É com emoção que ela lembra da expectativa da comunidade escolar às vésperas do aniversário de 70 anos da escola. No dia 3 de maio, uma sexta-feira, estava marcado um grande jantar-baile. Devido às chuvas, a festa foi cancelada; os insumos da celebração, já comprados, foram doados ao Quilombo dos Machado, nas proximidades da escola. No dia seguinte, um sábado, o ginásio de esportes da Liberato iria virar abrigo aos desalojados do Sarandi. Mas assim que as primeiras famílias chegaram, carregando pertences, bicicletas, cachorrinhos, a água subiu rapidamente invadindo a escola.
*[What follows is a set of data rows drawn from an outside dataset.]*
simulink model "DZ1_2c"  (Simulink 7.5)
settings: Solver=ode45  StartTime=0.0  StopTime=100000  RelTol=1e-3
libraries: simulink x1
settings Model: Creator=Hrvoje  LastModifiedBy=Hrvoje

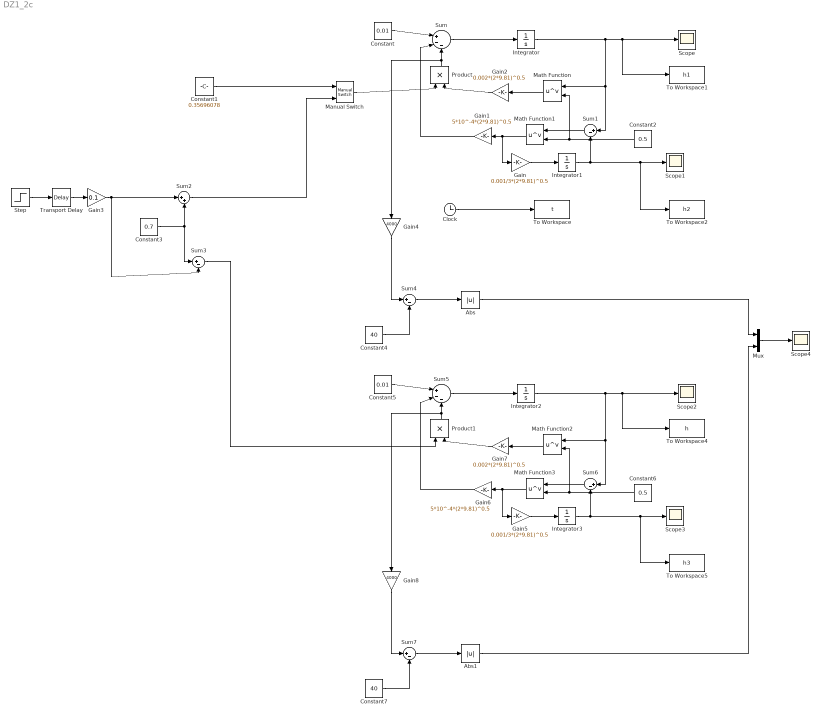
== system DZ1_2c ==
  Abs : Abs  OutDataType=fixdt(1, 16)  OutScaling=2^0
  Abs1 : Abs  OutDataType=fixdt(1, 16)  OutScaling=2^0
  Clock : Clock
      settings: Decimation=10
  Constant : Constant  Value=0.01  OutDataType=fixdt(1, 16)  OutScaling=2^0
  Constant1 : Constant  Value=0.35696078  OutDataType=fixdt(1, 16)  OutScaling=2^0
  Constant2 : Constant  Value=0.5  OutDataType=fixdt(1, 16)  OutScaling=2^0
  Constant3 : Constant  Value=0.7  OutDataType=fixdt(1, 16)  OutScaling=2^0
  Constant4 : Constant  Value=40  OutDataType=fixdt(1, 16)  OutScaling=2^0
  Constant5 : Constant  Value=0.01  OutDataType=fixdt(1, 16)  OutScaling=2^0
  Constant6 : Constant  Value=0.5  OutDataType=fixdt(1, 16)  OutScaling=2^0
  Constant7 : Constant  Value=40  OutDataType=fixdt(1, 16)  OutScaling=2^0
  Gain : Gain  Gain=0.001/3*(2*9.81)^0.5  ParameterDataType=fixdt(1, 16)  ParameterScaling=2^0  OutDataType=fixdt(1, 16)  OutScaling=2^0
  Gain1 : Gain  Gain=5*10^-4*(2*9.81)^0.5  ParameterDataType=fixdt(1, 16)  ParameterScaling=2^0  OutDataType=fixdt(1, 16)  OutScaling=2^0
  Gain2 : Gain  Gain=0.002*(2*9.81)^0.5  ParameterDataType=fixdt(1, 16)  ParameterScaling=2^0  OutDataType=fixdt(1, 16)  OutScaling=2^0
  Gain3 : Gain  Gain=0.1  ParameterDataType=fixdt(1, 16)  ParameterScaling=2^0  OutDataType=fixdt(1, 16)  OutScaling=2^0
  Gain4 : Gain  Gain=4000  ParameterDataType=fixdt(1, 16)  ParameterScaling=2^0  OutDataType=fixdt(1, 16)  OutScaling=2^0
  Gain5 : Gain  Gain=0.001/3*(2*9.81)^0.5  ParameterDataType=fixdt(1, 16)  ParameterScaling=2^0  OutDataType=fixdt(1, 16)  OutScaling=2^0
  Gain6 : Gain  Gain=5*10^-4*(2*9.81)^0.5  ParameterDataType=fixdt(1, 16)  ParameterScaling=2^0  OutDataType=fixdt(1, 16)  OutScaling=2^0
  Gain7 : Gain  Gain=0.002*(2*9.81)^0.5  ParameterDataType=fixdt(1, 16)  ParameterScaling=2^0  OutDataType=fixdt(1, 16)  OutScaling=2^0
  Gain8 : Gain  Gain=4000  ParameterDataType=fixdt(1, 16)  ParameterScaling=2^0  OutDataType=fixdt(1, 16)  OutScaling=2^0
  Integrator{,1..3} (4 alike) : Integrator  InitialCondition=2.6
  Manual Switch : simulink/Signal Routing/Manual Switch  SystemSampleTime=-1  sw=0  action=0  varsize=off
  Math Function{,1..3} (4 alike) : Math  Operator=pow  OutDataType=fixdt(1, 16)  OutScaling=2^0  SaturateOnIntegerOverflow=on
  Mux : Mux  Inputs=2
  Product : Product  OutDataType=fixdt(1, 16)  OutScaling=2^0  RndMeth=Zero
  Product1 : Product  OutDataType=fixdt(1, 16)  OutScaling=2^0  RndMeth=Zero
  Scope{,1..4} (5 alike) : Scope
      Scope2 settings: SaveName=ScopeData4
      Scope3 settings: SaveName=ScopeData5
      Scope4 settings: SaveName=ScopeData2
  Step : Step  SampleTime=0
  Sum : Sum  Inputs=|+--  OutDataType=fixdt(1, 16)  OutScaling=2^0
  Sum{1,3..4,6..7} (5 alike) : Sum  Inputs=|+-  OutDataType=fixdt(1, 16)  OutScaling=2^0
  Sum2 : Sum  Inputs=|++  OutDataType=fixdt(1, 16)  OutScaling=2^0
  Sum5 : Sum  Inputs=|+--  OutDataType=fixdt(1, 16)  OutScaling=2^0
  To Workspace : ToWorkspace  VariableName=t  SampleTime=-1  SaveFormat=Structure
  To Workspace1 : ToWorkspace  VariableName=h1  SampleTime=-1  SaveFormat=Structure
  To Workspace2 : ToWorkspace  VariableName=h2  SampleTime=-1  SaveFormat=Structure
  To Workspace4 : ToWorkspace  VariableName=h  SampleTime=-1  SaveFormat=Structure
  To Workspace5 : ToWorkspace  VariableName=h3  SampleTime=-1  SaveFormat=Structure
  Transport Delay : TransportDelay  DelayTime=1000
  wires:
  Constant/1 -> Sum/1
  Sum/1 -> Integrator/1
  Integrator/1 -> Scope/1, To Workspace1/1, Sum1/1, Math Function/1
  Integrator1/1 -> Sum1/2, Scope1/1, To Workspace2/1
  Gain/1 -> Integrator1/1
  Math Function1/1 -> Gain1/1, Gain/1
  Gain1/1 -> Sum/2
  Math Function/1 -> Gain2/1
  Gain2/1 -> Product/2
  Product/1 -> Sum/3, Gain4/1
  Clock/1 -> To Workspace/1
  Sum1/1 -> Math Function1/1
  Constant2/1 -> Math Function1/2, Math Function/2
  Manual Switch/1 -> Product/1
  Constant1/1 -> Manual Switch/1
  Step/1 -> Transport Delay/1
  Transport Delay/1 -> Gain3/1
  Gain3/1 -> Sum2/1, Sum3/2
  Constant3/1 -> Sum2/2, Sum3/1
  Sum2/1 -> Manual Switch/2
  Sum3/1 -> Product1/1
  Constant4/1 -> Sum4/2
  Gain4/1 -> Sum4/1
  Sum4/1 -> Abs/1
  Abs/1 -> Mux/1
  Constant5/1 -> Sum5/1
  Sum5/1 -> Integrator2/1
  Integrator2/1 -> Scope2/1, To Workspace4/1, Sum6/1, Math Function2/1
  Integrator3/1 -> Sum6/2, Scope3/1, To Workspace5/1
  Gain5/1 -> Integrator3/1
  Math Function3/1 -> Gain6/1, Gain5/1
  Gain6/1 -> Sum5/2
  Math Function2/1 -> Gain7/1
  Gain7/1 -> Product1/2
  Product1/1 -> Sum5/3, Gain8/1
  Sum6/1 -> Math Function3/1
  Constant6/1 -> Math Function3/2, Math Function2/2
  Constant7/1 -> Sum7/2
  Gain8/1 -> Sum7/1
  Sum7/1 -> Abs1/1
  Abs1/1 -> Mux/2
  Mux/1 -> Scope4/1

“Nossa ideia de abrigo não chegou a durar meia hora. Saímos com água no joelho, não deu tempo de salvar quase nada”, recorda. “Voltar depois de todo esse tempo para lá e ver tudo revirado, destruído, é triste demais. O ambiente está contaminado, tudo se desmancha ao tocar. Nossa biblioteca era tão linda! Dói no coração”, lamenta Rochele.

“É preciso sensibilidade para o retorno”

Mesmo as escolas que não foram diretamente atingidas também sentem os impactos e agem para fazer o máximo possível por seus alunos. Acostumada a receber alunos diariamente para resolver dilemas, a orientadora educacional Vládia Paz, do SOE (Serviço de Orientação Educacional) da Escola Anísio Teixeira, percebe as mudanças no clima dos colegas e dos estudantes.

Localizada na Hípica, zona sul de Porto Alegre, a escola tem 1.100 alunos. Algumas áreas dos arredores alagaram, desde residências até comércios. Na primeira semana das enchentes, a escola focou em fazer marmitas (cerca de 100 por dia) para ofertar à comunidade escolar e a abrigos. Paralelamente, um grupo de professores ajudou com vaquinhas e arrecadação de doações como cestas básicas.

A Anísio Teixeira tem um brechó que gera renda extra à escola, mas em maio ficou aberto para que as famílias em necessidade pudessem buscar roupas de frio no rigoroso inverno gaúcho. Afinal, assim como na pandemia, muitas pessoas tiveram suas rendas afetadas. Estimativa da Fiergs (Federação das Indústrias do Estado do Rio Grande do Sul) indica que 94,3% de toda a atividade econômica gaúcha foi afetada.

Um grupo de educadores da escola cursou uma formação online de Pedagogia da Emergência para poder colaborar na volta às aulas. “É preciso sensibilidade no retorno. Não se pode retornar de um ponto anterior, ‘onde é que nós paramos antes da chuva’, nem chegar perguntando diretamente sobre o ocorrido, para evitar revitimização”, explica Vládia.

A escola propôs uma nova organização nas primeiras aulas de acolhimento, como um café coletivo, uma dinâmica de abraço e receber a gurizada com escuta ativa, sem julgamentos. Muitos então espontaneamente contaram que ajudaram nos resgates ou foram eles próprios resgatados. A ansiedade está alta, percebe a orientadora educacional, que indica aos colegas de todo o Rio Grande do Sul “mais ouvir do que perguntar”:

“Temos a tendência de querer resolver os problemas, encaminhar soluções, mas não é o caminho. O papel da escola sempre foi acolher, e neste momento tão sensível temos este papel mais importante ainda.”